▶ [WHAT NEEDS TO BE DONE]:
To answer, print the line containing "line L2 (-15, 10) -> (-15, -10)" and each line after it in the listing below, exactly as they stand.
[DATASET]
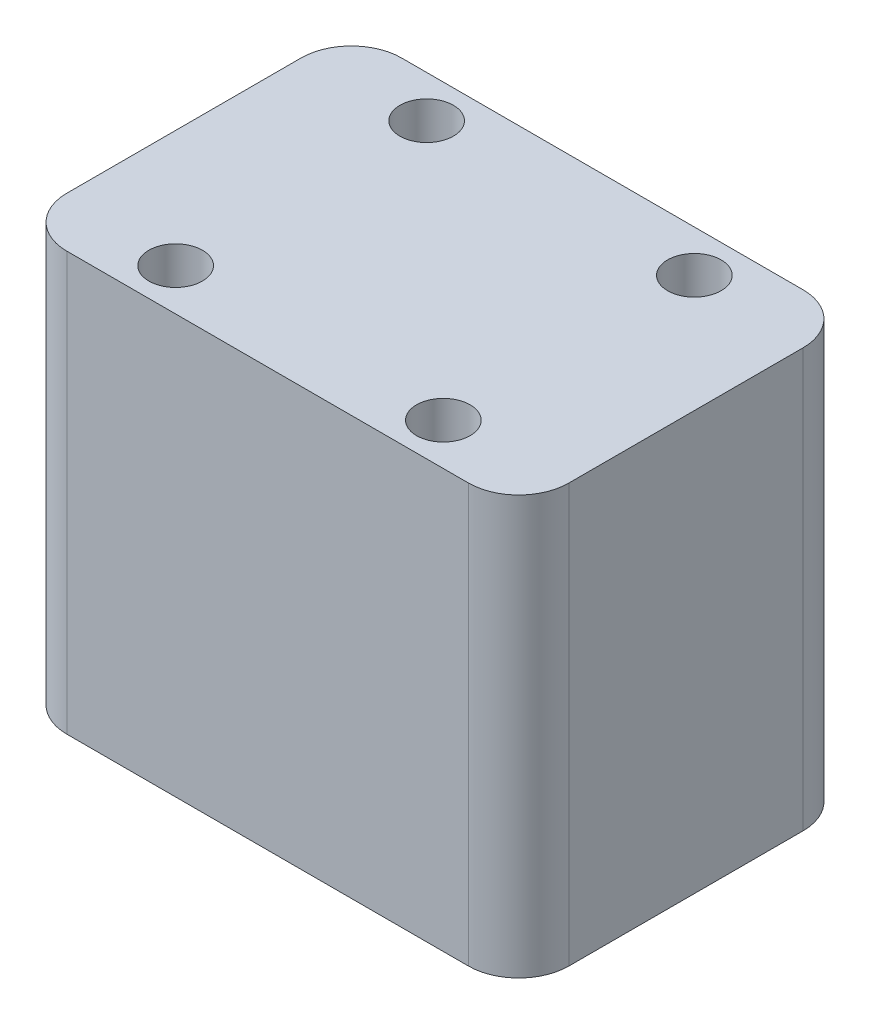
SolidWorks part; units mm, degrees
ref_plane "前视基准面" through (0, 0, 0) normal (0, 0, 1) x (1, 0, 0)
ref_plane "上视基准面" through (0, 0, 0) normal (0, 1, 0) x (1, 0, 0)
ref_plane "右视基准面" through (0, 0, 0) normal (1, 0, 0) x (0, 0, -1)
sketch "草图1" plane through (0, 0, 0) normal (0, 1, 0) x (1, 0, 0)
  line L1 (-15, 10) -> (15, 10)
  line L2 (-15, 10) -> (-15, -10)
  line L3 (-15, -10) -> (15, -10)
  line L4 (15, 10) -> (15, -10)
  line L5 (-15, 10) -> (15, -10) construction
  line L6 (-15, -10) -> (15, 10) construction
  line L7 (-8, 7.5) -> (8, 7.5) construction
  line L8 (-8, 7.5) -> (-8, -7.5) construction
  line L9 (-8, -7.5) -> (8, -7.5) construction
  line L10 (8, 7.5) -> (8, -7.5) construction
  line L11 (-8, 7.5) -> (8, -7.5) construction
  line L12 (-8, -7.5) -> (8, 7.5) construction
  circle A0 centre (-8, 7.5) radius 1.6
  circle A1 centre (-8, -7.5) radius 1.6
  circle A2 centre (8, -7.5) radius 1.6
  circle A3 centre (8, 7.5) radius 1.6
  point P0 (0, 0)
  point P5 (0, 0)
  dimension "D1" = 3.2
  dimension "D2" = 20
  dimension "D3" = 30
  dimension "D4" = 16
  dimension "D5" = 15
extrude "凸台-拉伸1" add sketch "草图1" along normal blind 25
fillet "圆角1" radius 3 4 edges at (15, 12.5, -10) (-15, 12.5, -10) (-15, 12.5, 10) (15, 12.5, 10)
[/DATASET]
▶ [THE ANSWER]:
  line L2 (-15, 10) -> (-15, -10)
  line L3 (-15, -10) -> (15, -10)
  line L4 (15, 10) -> (15, -10)
  line L5 (-15, 10) -> (15, -10) construction
  line L6 (-15, -10) -> (15, 10) construction
  line L7 (-8, 7.5) -> (8, 7.5) construction
  line L8 (-8, 7.5) -> (-8, -7.5) construction
  line L9 (-8, -7.5) -> (8, -7.5) construction
  line L10 (8, 7.5) -> (8, -7.5) construction
  line L11 (-8, 7.5) -> (8, -7.5) construction
  line L12 (-8, -7.5) -> (8, 7.5) construction
  circle A0 centre (-8, 7.5) radius 1.6
  circle A1 centre (-8, -7.5) radius 1.6
  circle A2 centre (8, -7.5) radius 1.6
  circle A3 centre (8, 7.5) radius 1.6
  point P0 (0, 0)
  point P5 (0, 0)
  dimension "D1" = 3.2
  dimension "D2" = 20
  dimension "D3" = 30
  dimension "D4" = 16
  dimension "D5" = 15
extrude "凸台-拉伸1" add sketch "草图1" along normal blind 25
fillet "圆角1" radius 3 4 edges at (15, 12.5, -10) (-15, 12.5, -10) (-15, 12.5, 10) (15, 12.5, 10)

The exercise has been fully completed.